An oil supply ball valve 2 and a Y-shaped filter 3 which are sequentially connected are arranged between the oil tank 1 and the high-pressure electric pump 28, a second safety valve 29 and a second one-way valve 30 which are sequentially connected are arranged between the high-pressure electric pump 28 and the first high-pressure stop valve 31, a second high-pressure relief valve 51 is arranged at the outlet of the seventh high-pressure stop valve 49, and a fourth high-pressure stop valve 43 and a fifth high-pressure stop valve 45 are arranged at two ends of the first high-pressure flowmeter 44. The safety of the system is improved, and the smooth running of the equipment is ensured.

In order to implement the operating state of the monitoring system, a first pressure gauge 8 is arranged between the first low pressure stop valve 7 and the first pressure switch 9, a first pressure transmitter 15 is arranged between the low pressure accumulator 12 and the first filter 17, a second pressure gauge 24 and a second pressure transmitter 26 are arranged at two ends of the seventh low pressure stop valve 25, a third pressure gauge 32 is arranged between the first high pressure stop valve 31 and the fourth pressure switch 33, a third pressure transmitter 39 is arranged between the high pressure accumulator 36 and the second filter 41, and a fourth pressure gauge 48 and a fourth pressure transmitter 50 are arranged at two ends of the seventh high pressure stop valve 49.

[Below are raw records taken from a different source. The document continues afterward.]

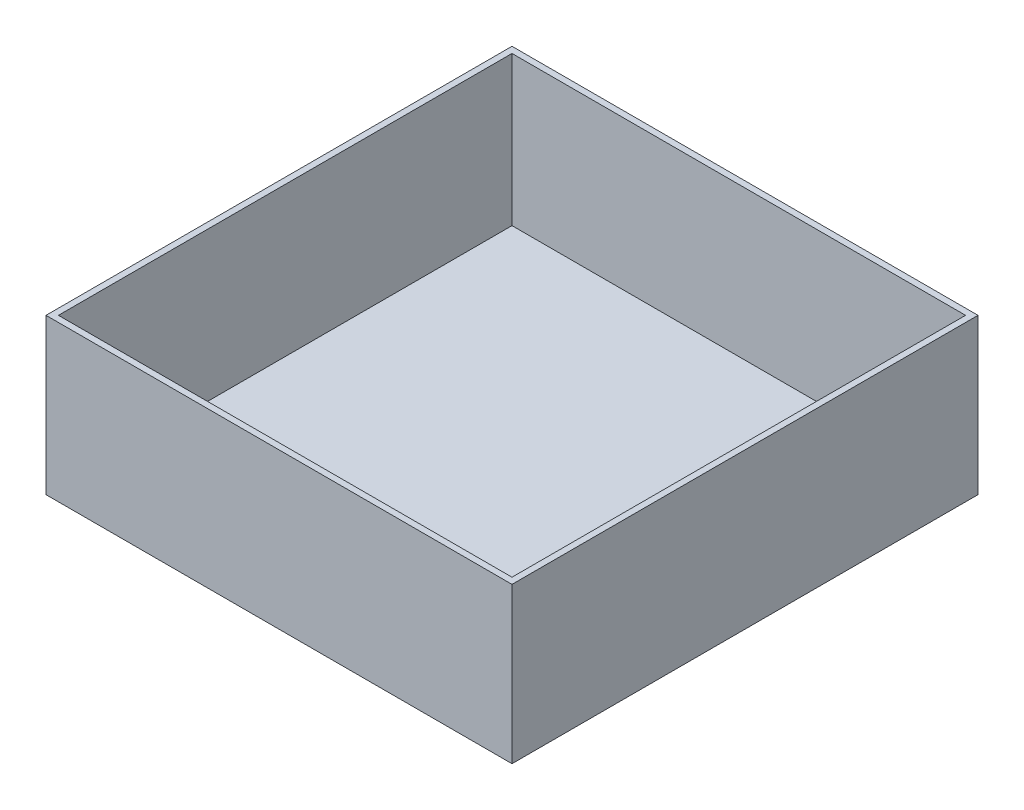
SolidWorks part; units mm, degrees
material "Aleación 1060"
ref_plane "Alzado" through (0, 0, 0) normal (0, 0, 1) x (1, 0, 0)
ref_plane "Planta" through (0, 0, 0) normal (0, 1, 0) x (1, 0, 0)
ref_plane "Vista lateral" through (0, 0, 0) normal (1, 0, 0) x (0, 0, -1)
sketch "Croquis1" plane through (0, 0, 0) normal (0, 0, 1) x (1, 0, 0)
  line L1 (-20, 20) -> (20, 20)
  line L2 (-20, 20) -> (-20, -20)
  line L3 (-20, -20) -> (20, -20)
  line L4 (20, 20) -> (20, -20)
  line L5 (-20, 20) -> (20, -20) construction
  line L6 (-20, -20) -> (20, 20) construction
  point P0 (0, 0)
  dimension "D1" = 40
  dimension "D2" = 40
extrude "Saliente-Extruir1" add sketch "Croquis1" along normal blind 0.3 contours L1 L4 L3 L2
sketch "Croquis2" plane through (0, 0, 0) normal (0, 1, 0) x (1, 0, 0)
  line L0 (0, 0) -> (0, 10) construction
  line L1 (-20, 0) -> (20, 0) construction
  line L2 (-5, 10) -> (-5, 0)
  line L3 (5, 10) -> (5, 0)
  line L4 (-5, 0) -> (5, 0)
  circle A0 centre (0, 10) radius 2.5
  arc A1 (5, 10) -> (-5, 10) centre (0, 10) ccw
  dimension "D2" = 5
  dimension "D3" = 10
  dimension "D1" = 10
extrude "Saliente-Extruir2" add sketch "Croquis2" along normal blind 10 and the other way blind 10
sketch "Croquis3" plane through (0, 0, 0) normal (0, 1, 0) x (1, 0, 0)
  line L1 (-7.0281, 16) -> (7.0281, 16)
  line L2 (-7.0281, 16) -> (-7.0281, 4)
  line L3 (-7.0281, 4) -> (7.0281, 4)
  line L4 (7.0281, 16) -> (7.0281, 4)
  line L5 (-7.0281, 16) -> (7.0281, 4) construction
  line L6 (-7.0281, 4) -> (7.0281, 16) construction
  line L7 (-20, 0) -> (20, 0) construction
  point P0 (0, 10)
  dimension "D1" = 4
extrude "Cortar-Extruir1" cut sketch "Croquis3" against normal blind 2.5 and the other way blind 2.5
sketch "Croquis4" plane through (0, 0, 0.3) normal (0, 0, 1) x (1, 0, 0)
  line L1 (-150, 50) -> (150, 50)
  line L2 (-150, 50) -> (-150, -50)
  line L3 (-150, -50) -> (150, -50)
  line L4 (150, 50) -> (150, -50)
  line L5 (-150, 50) -> (150, -50) construction
  line L6 (-150, -50) -> (150, 50) construction
  point P0 (0, 0)
  dimension "D1" = 100
  dimension "D2" = 300
extrude "Saliente-Extruir3" add sketch "Croquis4" along normal blind 300
shell "Vaciado2" thickness 4 removed face at (0, 50, 150.3)
sketch "Croquis6" plane through (0, 0, 4) normal (0, 0, 1) x (1, 0, 0)
  line L1 (16, 16) -> (-16, 16)
  line L2 (16, 16) -> (16, -16)
  line L3 (16, -16) -> (-16, -16)
  line L4 (-16, 16) -> (-16, -16)
  line L5 (16, 16) -> (-16, -16) construction
  line L6 (16, -16) -> (-16, 16) construction
  point P0 (0, 0)
extrude "Saliente-Extruir4" add sketch "Croquis6" along normal up to vertex (0.3 mm away) up to point (-16, -16, 4.3)

On the basis of the ocean deepwater oil and gas exploitation IWOCS HPU provided by the above embodiments, the end of each low-pressure branch is connected with a first low-pressure double-stop valve 52 and a low-pressure gas control three-way valve 60, the first low-pressure double-stop valve 52 and the low-pressure gas control three-way valve 60 are connected in parallel, and the gas control port of the low-pressure gas control three-way valve 60 is connected with a gas source 70 through a first electromagnetic valve 59. In this embodiment, the interfaces at the tail end of the low-voltage branch in fig. 1 are A1 and A2, more low-voltage branches can be provided, and more interfaces are provided, in fig. 2, only the low-voltage branch output control part connected with the A1 port is shown, and two A1 interfaces in fig. 2 are simultaneously connected with the A1 interface of the low-voltage branch in fig. 1. In the working process, manual control and automatic control can be realized, when in manual control, the low-pressure air control three-way valve 60 is closed, the first low-pressure double stop valve 52 is opened or closed to control the on-off and pressure relief of an oil way, when in automatic control, the first low-pressure double stop valve 52 is closed, and whether the air in the air source 70 enters the air control port of the low-pressure air control three-way valve 60 is controlled by opening and closing the first electromagnetic valve 59, so that the low-pressure air control three-way valve 60 is controlled to open or close to control the on-off and pressure relief of the oil way.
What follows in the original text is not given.